Prajval Shastri and Ann Lee

Ann Lee (L) and son, and Prajval Shastri (R).

The three day workshop was held at SAMSI during September 19-21. Though it has a mix of talks by statisticians like Jim Berger and David Donoho, the majority of the talks were by astronomers who have ongoing collaborations with statisticians. Each talk ended with a lively, stimulating discussions. The audience consisted of a good mix of statisticians and astronomers. Presentations concentrated on Bayesian methods, faint source detection, learning from massive multidimensional data, exoplanets, time-domain astronomy, sparsity, reproducible research etc. The workshop concluded with a good discussion on future directions.

It is nice to get back to SAMSI and interact with friends and collaborators;  I had organized a very stimulating semester-long  Astrostatistics program at SAMSI in Spring 2006. Astronomers were already familiar with the concept of large scale electronic integration
of astronomy data, tools, and services on a global scale in a manner  that provides easy access by individuals around the world, via the  Virtual Observatory (VO). They are thus enabling science on massive data. Even in 2006, astronomers were grappling with massive data much before the terms `Big data’ or `megadatasets’ became vogue.

Andrea G. Campos Bianchi’s Impressions of the Massive Datasets Opening Workshop

The following is remarks from Andrea G. Campos Bianchi, Visiting Researcher, Lawrence Berkeley National Laboratory, who attended the Massive Datasets Opening Workshop in September.

Andrea Bianchi, visiting professor, Lawrence Berkeley National Laboratory.

What a delight to attend the 2012 SAMSI Workshop on Massive Datasets. The tutorials and talks were impressive, and they exposed me to different approaches of Massive Dataset, since the lectures covered a broad spectrum of cutting-edge topics, ranging from randomized methods in statistics to complex high energy physics problems.

As a visiting researcher at Lawrence Berkeley National Laboratory, and, originally, a professor at Federal University of Ouro Preto-Brazil, I want to express my sincere appreciation for SAMSI for sponsoring my trip, which make my attendance possible.
Certainly, I will benefit from this workshop and ideas for years to come, specially regarding large data analysis, theory and applications. Looking forward to participate of the Imaging Working Group, and establish collaboration with researchers from SAMSI.
 Big Thanks!

Thoughts on Bayesian Statistical Inference for Regional Climate Projections in North America

The following blog entry is from Noel Cressie Professor of Statistics University of Wollongong and Director, Program in Spatial Statistics and Environmental Statistics The Ohio State University.

Noel Cressie

Noel Cressie, Professor of Statistics, University of Wollongong and Director, Program in Spatial Statistics and Environmental Statistics, The Ohio State University

Two weeks ago I attended and spoke at the opening workshop for Statistical and Computational Methodology for Massive Datasets. It’s always good to get back to SAMSI and see old friends. (I was a visitor there in spring 2010 for a program on Space-Time Analysis for Environmental Mapping, Epidemiology, and Climate Change.) This time I spoke in a session on Environment and Climate, and I had the opportunity to present recent work on statistical inference for regional climate projections in North America.

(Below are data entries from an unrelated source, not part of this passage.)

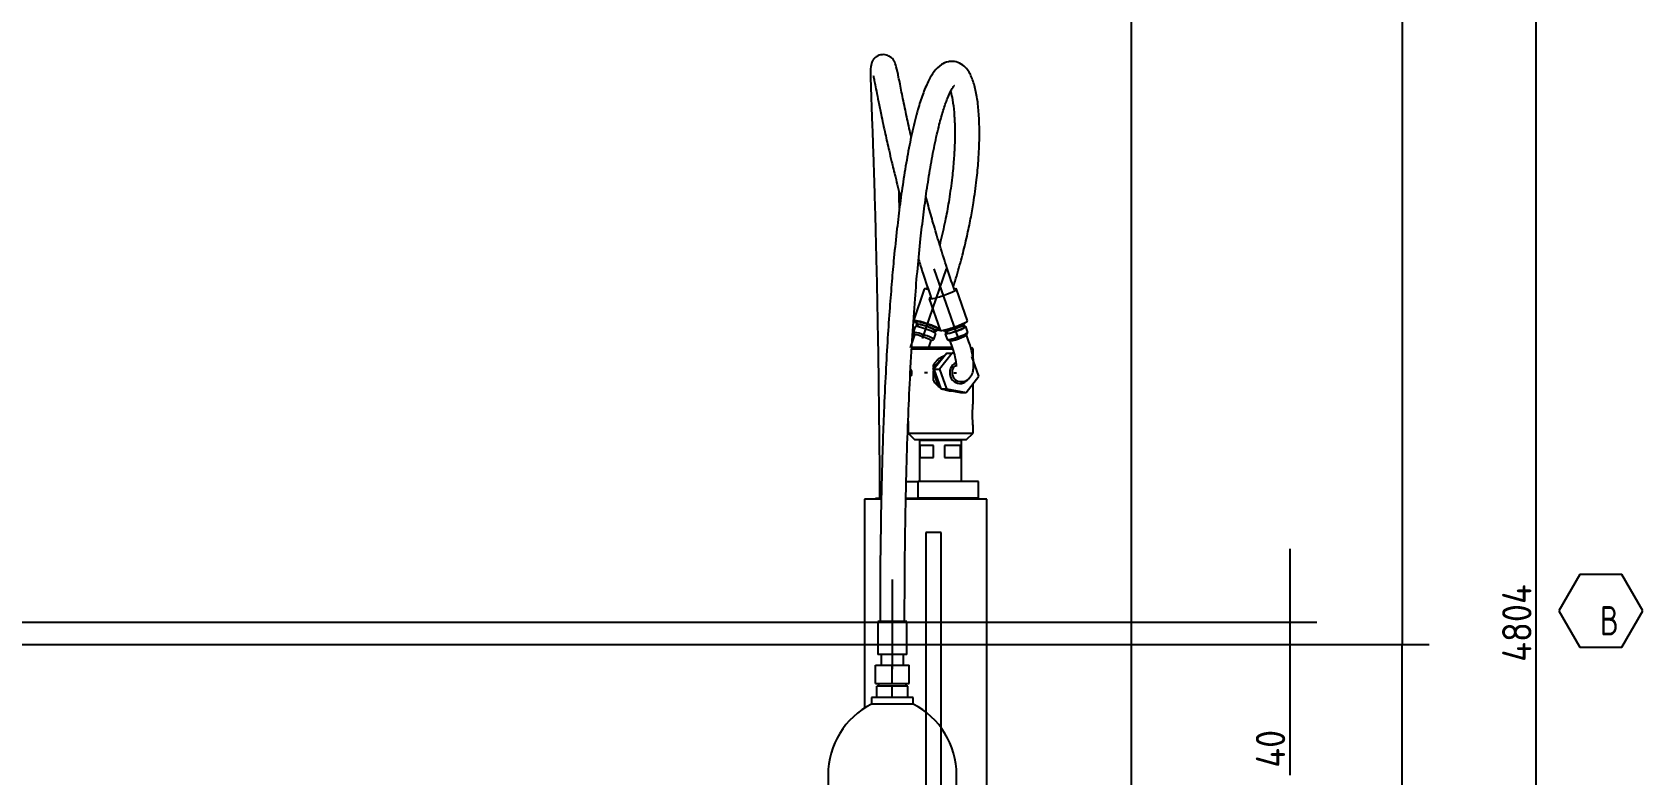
# Model space of a CAD drawing. Header units: millimetres. Extents: x 0 to 1189, y 0 to 841.
# Drawn here: x 509.5 to 701.4, y 621.5 to 710.1 of the extents above; entities that cross this region are included whole.
import ezdxf

# ---------------------------------------------------------------- set-up
doc = ezdxf.new("R2010")
doc.units = ezdxf.units.MM
doc.layers.add('1', color=7, linetype='CONTINUOUS', true_color=0xffffff)
doc.layers.add('2', color=7, linetype='CONTINUOUS', true_color=0xffffff)
doc.styles.add('iso-1', font='isocp.shx')
doc.dimstyles.get("Standard").update_dxf_attribs({"dimtxt": 0.18, "dimasz": 0.18, "dimexe": 0.18, "dimexo": 0.0625, "dimgap": 0.09, "dimtad": 0, "dimtih": 1, "dimtoh": 1, "dimdec": 4, "dimzin": 0, "dimdsep": 46, "dimtxsty": 'Standard', "dimcen": 0.09, "dimadec": 0, "dimazin": 0, "dimtfac": 1, "dimtdec": 4, "dimtofl": 0, "dimtmove": 0, "dimatfit": 3, "dimfxl": 1, "dimtolj": 1, "dimtzin": 0, "dimarcsym": 0})

# ---------------------------------------------------------------- blocks, each defined once
blk = doc.blocks.new('IDSYMBOL12')
at = {"layer": '1', "color": 152, "linetype": 'Continuous'}
for p, q in [((693.94, 645.4), (691.44, 641.07)), ((698.94, 645.4), (693.94, 645.4)), ((701.44, 641.07), (698.94, 645.4)), ((691.44, 641.07), (693.94, 636.74)), ((698.94, 636.74), (701.44, 641.07)), ((693.94, 636.74), (698.94, 636.74))]:
    blk.add_line(p, q, dxfattribs=at)
at = {"layer": '1', "color": 87, "linetype": 'Continuous', "insert": (696.34, 638.14), "char_height": 3.5, "attachment_point": 7, "line_spacing_factor": 0.963855, "style": 'iso-1'}
blk.add_mtext('\\W00.841;B ', dxfattribs=at)
blk = doc.blocks.new('DimnDraft3D1')
at = {"layer": '1', "color": 152, "linetype": 'Continuous', "transparency": 16777216}
for p, q in [((431.36, 637.03), (675.96, 637.03)), ((596.89, 478.9), (675.96, 478.9))]:
    blk.add_line(p, q, dxfattribs=at)
at = {"layer": '1', "color": 27, "linetype": 'Continuous', "transparency": 16777216}
blk.add_line((672.78, 478.9), (672.78, 637.03), dxfattribs=at)
for points in [[(672.78, 637.03), (673.34, 633.86), (672.22, 633.86), (672.78, 637.03)], [(672.78, 478.9), (672.22, 482.08), (673.34, 482.08), (672.78, 478.9)]]:
    blk.add_solid(points, dxfattribs=at)
at = {"layer": '1', "color": 23, "linetype": 'Continuous', "transparency": 16777216, "insert": (672.21, 554.33), "char_height": 3.5, "attachment_point": 7, "rotation": 90, "line_spacing_factor": 0.963855, "style": 'iso-1'}
blk.add_mtext('\\W01.000;2372 ', dxfattribs=at)
blk = doc.blocks.new('DimnDraft3D66')
at = {"layer": '1', "color": 27, "linetype": 'Continuous'}
blk.add_line((672.78, 799.14), (672.78, 637.03), dxfattribs=at)
at = {"layer": '1', "color": 152, "linetype": 'Continuous'}
blk.add_line((442.03, 637.03), (675.96, 637.03), dxfattribs=at)
at = {"layer": '1', "color": 27, "linetype": 'Continuous'}
blk.add_solid([(672.78, 637.03), (672.22, 640.21), (673.34, 640.21), (672.78, 637.03)], dxfattribs=at)
blk = doc.blocks.new('DimnDraft3D11')
at = {"layer": '1', "color": 27, "linetype": 'Continuous', "transparency": 16777216}
blk.add_line((659.39, 648.45), (659.39, 621.48), dxfattribs=at)
at = {"layer": '1', "color": 152, "linetype": 'Continuous', "transparency": 16777216}
for p, q in [((442.03, 639.7), (662.57, 639.7)), ((431.36, 637.03), (662.57, 637.03))]:
    blk.add_line(p, q, dxfattribs=at)
at = {"layer": '1', "color": 27, "linetype": 'Continuous', "transparency": 16777216}
for points in [[(659.39, 639.7), (658.83, 642.88), (659.95, 642.88), (659.39, 639.7)], [(659.39, 637.03), (659.95, 633.86), (658.83, 633.86), (659.39, 637.03)]]:
    blk.add_solid(points, dxfattribs=at)
at = {"layer": '1', "color": 23, "linetype": 'Continuous', "transparency": 16777216, "insert": (658.82, 622.35), "char_height": 3.5, "attachment_point": 7, "rotation": 90, "line_spacing_factor": 0.963855, "style": 'iso-1'}
blk.add_mtext('\\W01.000;40 ', dxfattribs=at)
blk = doc.blocks.new('DimnDraft3D12')
at = {"layer": '1', "color": 152, "linetype": 'Continuous', "transparency": 16777216}
for p, q in [((403.26, 799.14), (691.93, 799.14)), ((596.89, 478.9), (691.93, 478.9))]:
    blk.add_line(p, q, dxfattribs=at)
at = {"layer": '1', "color": 27, "linetype": 'Continuous', "transparency": 16777216}
blk.add_line((688.75, 478.9), (688.75, 799.14), dxfattribs=at)
for points in [[(688.75, 799.14), (689.31, 795.97), (688.19, 795.97), (688.75, 799.14)], [(688.75, 478.9), (688.19, 482.08), (689.31, 482.08), (688.75, 478.9)]]:
    blk.add_solid(points, dxfattribs=at)
at = {"layer": '1', "color": 23, "linetype": 'Continuous', "transparency": 16777216, "insert": (688.18, 634.98), "char_height": 3.5, "attachment_point": 7, "rotation": 90, "line_spacing_factor": 0.963855, "style": 'iso-1'}
blk.add_mtext('\\W01.000;4804 ', dxfattribs=at)

msp = doc.modelspace()

# ---------------------------------------------------------------- linework, layer by layer
at = {"layer": '1', "color": 251, "linetype": 'Continuous'}
msp.add_line((640.45, 805.493), (640.45, 472.551), dxfattribs=at)
at = {"layer": '2', "color": 51, "linetype": 'Continuous'}
for p, q in [((615.597, 673.543), (618.456, 681.863)), ((619.869, 673.536), (616.972, 681.842)), ((616.177, 669.468), (615.845, 669.468)), ((619.308, 669.468), (619.64, 669.468)), ((611.991, 644.808), (611.991, 634.108)), ((611.991, 644.808), (611.991, 634.108)), ((611.991, 632.468), (611.991, 633.541)), ((611.991, 632.468), (611.991, 633.541))]:
    msp.add_line(p, q, dxfattribs=at)
at = {"layer": '2', "color": 60, "linetype": 'Continuous'}
for p, q in [((615.789, 679.436), (614.496, 675.674)), ((615.789, 679.436), (615.789, 679.436)), ((616.377, 678.285), (617.687, 674.53)), ((620.96, 675.672), (619.65, 679.427)), ((614.628, 673.985), (614.307, 673.05)), ((614.722, 674.965), (614.485, 674.276)), ((614.487, 674.26), (614.626, 673.979)), ((614.722, 674.965), (614.722, 674.965)), ((614.916, 675.53), (614.83, 675.279)), ((614.916, 675.53), (614.916, 675.53)), ((615.047, 675.204), (614.964, 674.964)), ((615.047, 675.204), (615.047, 675.204)), ((616.925, 673.437), (617.162, 674.127)), ((616.969, 674.275), (617.052, 674.515)), ((617.27, 674.441), (617.356, 674.691)), ((618.146, 674.56), (618.193, 674.426)), ((618.302, 674.113), (618.542, 673.424)), ((618.435, 674.427), (618.519, 674.188)), ((620.521, 674.886), (620.437, 675.126)), ((620.629, 675.275), (620.582, 675.409)), ((620.978, 674.274), (620.738, 674.962)), ((620.834, 673.969), (620.976, 674.257)), ((621.161, 673.049), (620.838, 673.976)), ((616.348, 672.468), (616.633, 673.296)), ((616.631, 673.29), (616.913, 673.426)), ((616.633, 673.296), (616.633, 673.296)), ((618.554, 673.413), (618.844, 673.275)), ((618.836, 673.278), (619.16, 672.351)), ((618.188, 671.461), (616.822, 669.993)), ((616.822, 669.993), (617.364, 667.954)), ((616.822, 669.993), (617.022, 669.993)), ((618.47, 671.816), (616.945, 669.896)), ((619.14, 671.816), (617.615, 669.896)), ((618.47, 671.816), (619.14, 671.816)), ((619.326, 671.782), (619.14, 671.816)), ((622.303, 669.039), (621.484, 671.388)), ((616.945, 669.896), (617.764, 667.547)), ((616.945, 669.896), (617.615, 669.896)), ((617.615, 669.896), (618.434, 667.547)), ((620.123, 668.408), (620.224, 668.408)), ((620.778, 667.119), (622.303, 669.039)), ((617.364, 667.954), (617.622, 667.954)), ((617.764, 667.547), (620.109, 667.119)), ((617.764, 667.547), (618.434, 667.547)), ((618.434, 667.547), (620.778, 667.119)), ((620.109, 667.119), (620.778, 667.119)), ((610.257, 639.808), (610.257, 635.841)), ((613.724, 639.808), (610.257, 639.808)), ((613.724, 635.841), (613.724, 639.808)), ((613.724, 635.841), (610.257, 635.841)), ((610.657, 635.841), (610.657, 634.574)), ((613.324, 634.574), (613.324, 635.841)), ((609.991, 632.408), (609.991, 634.574)), ((609.991, 634.574), (611.991, 634.574)), ((611.991, 634.574), (613.991, 634.574)), ((611.991, 632.408), (611.991, 634.574)), ((613.991, 632.408), (613.991, 634.574)), ((609.991, 632.408), (611.991, 632.408)), ((610.157, 630.734), (610.157, 632.074)), ((611.991, 632.074), (610.157, 632.074)), ((610.339, 632.408), (610.339, 632.074)), ((611.991, 632.408), (613.991, 632.408)), ((611.991, 630.734), (611.991, 632.074)), ((613.824, 632.074), (611.991, 632.074)), ((613.642, 632.074), (613.642, 632.408)), ((613.824, 630.734), (613.824, 632.074)), ((609.491, 630.734), (609.491, 629.934)), ((614.491, 630.734), (609.491, 630.734)), ((614.491, 629.934), (609.491, 629.934)), ((614.491, 629.934), (614.491, 630.734)), ((604.324, 621.505), (604.324, 582.4)), ((619.657, 582.4), (619.657, 621.505))]:
    msp.add_line(p, q, dxfattribs=at)
at = {"layer": '2', "color": 252, "linetype": 'Continuous'}
for p, q in [((614.237, 672.334), (618.937, 672.334)), ((618.896, 672.468), (614.302, 672.468)), ((619.118, 672.468), (618.896, 672.468)), ((618.937, 672.334), (619.175, 672.334)), ((621.609, 672.334), (621.476, 672.468)), ((621.609, 671.164), (621.609, 672.334)), ((616.909, 670.086), (616.909, 670.392)), ((616.909, 668.543), (616.909, 669.668)), ((621.609, 665.833), (621.609, 668.165)), ((613.876, 663.669), (613.876, 662.268)), ((621.609, 662.268), (621.609, 663.082)), ((613.876, 662.268), (614.676, 661.468)), ((613.876, 662.268), (621.609, 662.268)), ((620.809, 661.468), (614.676, 661.468)), ((615.309, 661.468), (615.242, 661.401)), ((615.242, 661.401), (615.242, 656.501)), ((620.242, 661.401), (615.242, 661.401)), ((615.285, 660.801), (615.285, 659.334)), ((616.905, 660.801), (615.285, 660.801)), ((616.905, 659.334), (616.905, 660.801)), ((618.202, 660.801), (618.202, 659.334)), ((620.098, 660.801), (618.202, 660.801)), ((620.098, 659.334), (620.098, 660.801)), ((620.242, 661.401), (620.176, 661.468)), ((620.242, 656.501), (620.242, 661.401)), ((620.809, 661.468), (621.609, 662.268)), ((615.285, 659.334), (616.905, 659.334)), ((618.202, 659.334), (620.098, 659.334)), ((613.654, 656.501), (615.061, 656.501)), ((615.061, 654.501), (615.061, 656.501)), ((622.242, 656.501), (615.061, 656.501)), ((622.242, 654.501), (622.242, 656.501)), ((608.684, 654.401), (608.684, 629.472)), ((610.614, 654.401), (608.684, 654.401)), ((609.967, 654.468), (609.967, 654.401)), ((610.606, 654.468), (609.967, 654.468)), ((618.218, 654.401), (613.563, 654.401)), ((617.821, 654.468), (613.596, 654.468)), ((613.646, 654.501), (615.061, 654.501)), ((614.809, 654.501), (614.842, 654.468)), ((622.242, 654.501), (615.061, 654.501)), ((621.967, 654.468), (617.821, 654.468)), ((623.25, 654.401), (618.218, 654.401)), ((620.642, 654.468), (620.676, 654.501)), ((621.967, 654.401), (621.967, 654.468)), ((623.25, 593.068), (623.25, 654.401))]:
    msp.add_line(p, q, dxfattribs=at)
at = {"layer": '2', "color": 172, "linetype": 'Continuous'}
for p, q in [((615.967, 650.401), (615.967, 586.401)), ((617.821, 650.401), (615.967, 650.401)), ((617.821, 597.068), (617.821, 650.401))]:
    msp.add_line(p, q, dxfattribs=at)
at = {"layer": '2', "color": 27, "linetype": 'Continuous'}
msp.add_line((613.457, 639.808), (610.524, 639.808), dxfattribs=at)
at = {"layer": '2', "color": 60, "linetype": 'Continuous'}
for centre, start, end in [((613.783, 621.505), 116.98672, 180), ((610.198, 621.505), 0, 63.01328)]:
    msp.add_arc(centre, 9.459, start, end, dxfattribs=at)
for centre, major_axis, ratio, start_param, end_param in [((617.428, 678.873), (-1.639, 0.563), 0.1049947, 5.5252845, 6.2831853), ((618.014, 678.856), (-1.637, -0.571), 0.1063848, 5.7476376, 6.2831853), ((618.014, 678.856), (-1.637, -0.571), 0.1063848, 0, 1.8668865), ((618.014, 678.856), (-1.637, -0.571), 0.1063848, 1.8668867, 3.6692777), ((616.136, 675.111), (-1.639, 0.563), 0.1049947, 3.5966413, 6.2831853), ((616.136, 675.111), (-1.639, 0.563), 0.1049947, 0, 0.7314112), ((615.705, 673.857), (-1.22, 0.419), 0.1049947, 0, 0.1057444), ((615.705, 673.857), (-1.22, 0.419), 0.1049947, 3.0357681, 6.2831853), ((615.631, 673.64), (1.002, -0.344), 0.1049947, 1.2742196, 3.1415105), ((615.942, 674.546), (-1.22, 0.419), 0.1049947, 3.1416047, 6.2831853), ((616.05, 674.86), (-1.22, 0.419), 0.1049947, 0, 0.606336), ((616.05, 674.86), (-1.22, 0.419), 0.1049947, 2.5351754, 6.2831853), ((616.136, 675.111), (-1.22, 0.419), 0.1049947, 3.1416047, 6.2831853), ((616.05, 674.86), (-1.002, 0.344), 0.1049947, 3.1416003, 6.2831853), ((616.136, 675.111), (-1.639, 0.563), 0.1049947, 2.4101016, 2.8561091), ((619.323, 675.101), (-1.637, -0.571), 0.1063848, 0, 1.8668865), ((619.411, 674.85), (-1.218, -0.425), 0.1063848, 0, 1.8668868), ((619.52, 674.537), (-1.218, -0.425), 0.1063848, 5.6768529, 6.2831853), ((619.52, 674.537), (-1.218, -0.425), 0.1063848, 0, 1.8668868), ((619.52, 674.537), (-1.001, -0.349), 0.1063848, 0, 1.8668863), ((619.76, 673.849), (-1.218, -0.425), 0.1063848, 0, 1.8668868), ((619.835, 673.633), (1.001, 0.349), 0.1063848, 3.2488938, 6.1761738), ((619.411, 674.85), (-1.218, -0.425), 0.1063848, 1.8668864, 3.1415873), ((619.52, 674.537), (-1.001, -0.349), 0.1063848, 1.8668867, 3.1415855), ((619.323, 675.101), (-1.637, -0.571), 0.1063848, 1.8668867, 3.1415883), ((619.52, 674.537), (-1.218, -0.425), 0.1063848, 1.8668864, 3.7480129), ((619.76, 673.849), (-1.218, -0.425), 0.1063848, 1.8668864, 3.1415873), ((615.631, 673.64), (1.002, -0.344), 0.1049947, 0, 1.2742189), ((620.052, 669.468), (0, 1.29), 0.9510565, 0.4011361, 3.493052), ((620.123, 669.468), (0, 1.06), 0.9510565, 0.5678362, 3.141586), ((620.052, 669.468), (0, 1.29), 0.9510565, 3.493052, 4.041947)]:
    msp.add_ellipse(centre, major_axis=major_axis, ratio=ratio, start_param=start_param, end_param=end_param, dxfattribs=at)
at = {"layer": '2', "color": 27, "linetype": 'Continuous'}
for start_param, end_param in [(3.1415945, 3.6375725), (0, 3.1415908), (5.7873043, 6.2831853)]:
    msp.add_ellipse((616.136, 675.111), major_axis=(1.387, -0.477), ratio=0.1049947, start_param=start_param, end_param=end_param, dxfattribs=at)
at = {"layer": '2', "color": 252, "linetype": 'Continuous'}
for centre, major_axis, ratio, start_param, end_param in [((614.192, 669.468), (0, 0.392), 0.309017, 3.1415902, 6.2831853), ((618.772, 669.468), (0, 2.167), 0.9510565, 3.1415929, 3.263707)]:
    msp.add_ellipse(centre, major_axis=major_axis, ratio=ratio, start_param=start_param, end_param=end_param, dxfattribs=at)
at = {"layer": '2', "color": 27, "linetype": 'Continuous'}
for points, knots in [([(614.238, 697.584), (614.16, 697.933), (613.913, 699.042), (613.515, 700.901), (613.093, 702.976), (612.728, 704.782), (612.491, 705.943), (612.269, 706.567), (612.115, 706.812), (611.927, 706.998), (611.828, 707.083), (611.71, 707.168), (611.526, 707.276), (611.297, 707.369), (610.943, 707.423), (610.592, 707.387), (610.212, 707.255), (609.934, 707.057), (609.768, 706.87), (609.71, 706.793), (609.612, 706.649), (609.52, 706.447), (609.415, 706.031), (609.377, 705.226), (609.408, 703.949), (609.463, 702.366), (609.536, 700.4), (609.615, 698.284), (609.691, 696.136), (609.765, 693.961), (609.844, 691.474), (609.926, 688.7), (610.008, 685.649), (610.088, 682.353), (610.172, 678.498), (610.257, 674.007), (610.33, 669.352), (610.391, 664.591), (610.44, 659.79), (610.467, 656.361), (610.478, 654.529), (610.479, 654.468)], [0, 0, 0, 0, 0.0155168, 0.0500321, 0.0880816, 0.1256422, 0.1626993, 0.1928129, 0.203844, 0.2058472, 0.2076618, 0.2094498, 0.2113786, 0.2157366, 0.2200363, 0.2246643, 0.2291412, 0.2357964, 0.2379754, 0.2390641, 0.2403721, 0.2482944, 0.2609356, 0.2901513, 0.3215607, 0.3550093, 0.3874577, 0.4237101, 0.455233, 0.4833576, 0.5174579, 0.5593837, 0.5966758, 0.6398945, 0.689881, 0.7475916, 0.8141075, 0.8691826, 0.9301737, 0.9976549, 1, 1, 1, 1]), ([(619.268, 679.76), (619.404, 680.183), (619.786, 681.418), (620.345, 683.419), (620.894, 685.691), (621.326, 687.774), (621.721, 690.023), (622.04, 692.345), (622.255, 694.633), (622.37, 696.768), (622.387, 698.824), (622.283, 700.844), (622.061, 702.597), (621.706, 704.114), (621.263, 705.164), (620.718, 705.915), (620.045, 706.436), (619.308, 706.634), (618.499, 706.571), (617.711, 706.204), (616.935, 705.414), (616.229, 704.212), (615.604, 702.698), (614.974, 700.719), (614.38, 698.345), (613.818, 695.562), (613.328, 692.641), (612.905, 689.653), (612.52, 686.496), (612.199, 683.411), (611.915, 680.27), (611.663, 677.086), (611.417, 673.453), (611.183, 669.319), (610.991, 665.116), (610.836, 660.893), (610.716, 656.709), (610.608, 651.575), (610.55, 646.768), (610.529, 643), (610.525, 641.326), (610.524, 640.584), (610.524, 640.197), (610.524, 639.938), (610.524, 639.808)], [0, 0, 0, 0, 0.011999, 0.0348903, 0.0559086, 0.0751975, 0.0928736, 0.1189984, 0.1412782, 0.1600118, 0.1840569, 0.2073047, 0.2299575, 0.2523255, 0.2749615, 0.2871051, 0.300948, 0.313522, 0.3216167, 0.3366211, 0.3570049, 0.3793394, 0.4027549, 0.4258267, 0.455803, 0.4856201, 0.5155761, 0.545117, 0.5738752, 0.6066618, 0.632486, 0.6617751, 0.6949402, 0.7324421, 0.7747956, 0.809268, 0.8469027, 0.8879655, 0.9479029, 0.976508, 0.9895513, 0.9930147, 0.9964979, 1, 1, 1, 1]), ([(609.757, 704.885), (609.748, 704.881), (609.723, 704.844), (609.77, 704.612), (609.905, 703.954), (610.084, 703.063), (610.34, 701.79), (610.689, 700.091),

A few features of the problem: The data are outputs from several regional climate models, and hence they are deterministic. To carry out inference on important questions, like, “Where and in which season will the temperature increase be most severe?”, we (Emily Kang, U. Cincinnati, and I) used a Bayesian hierarchical modeling approach. The data are spatial, at a 50 km resolution over North America. The dataset is large, about 100,000 in size, even after summarization! The problem is important: it involves projecting temperature change in 50 km x 50 km regions of North America by 2070, for the four seasons and over the whole year.

Our results are quite sobering…the website: http://www.stat.osu.edu/~sses/collab_warming.html can be consulted for more details.

image of North American with a wide swath of red to indicateprobability of  temperature increase

In this image, the color red indicates regions of North America for which our Bayesian statistical analysis gives a 97.5 percent posterior probability that average temperatures will rise by at least 2 degrees Celsius (3.6 degrees Fahrenheit) by 2070. Image by Noel Cressie and Emily Kang, courtesy of Ohio State University.

In a follow up to the Bayesian inference we did, I was asked the following questions by a reporter for a popular science magazine, Science et Vie:

“I would like to know how central was the role of Bayesian statistics in your work. That is : What is the improvement brought by the use of these statistics when compared to “classical” statistics?

More generally, I’d like to know if Bayesian statistics have emerged only recently in climatology, and if yes, why now ? How would you qualify the (current or potential) contribution of Bayesian statistics to climatology?”

I thought that readers of the SAMSI blog might be interested in my responses (lightly edited for the context of this blog):

In our statistical analysis, we are considering output from different climate models at a very regional scale and seasonally. The outputs are deterministic and complete over the North American region, at a 50 km x 50 km scale. No continental-scale or global-scale averaging is being done. At this level, communities and even individuals can see the impact of climate change on their lives. Moreover, because the output can be presented seasonally, the impact of climate change on water storage, agriculture, pest control, and so forth can be considered.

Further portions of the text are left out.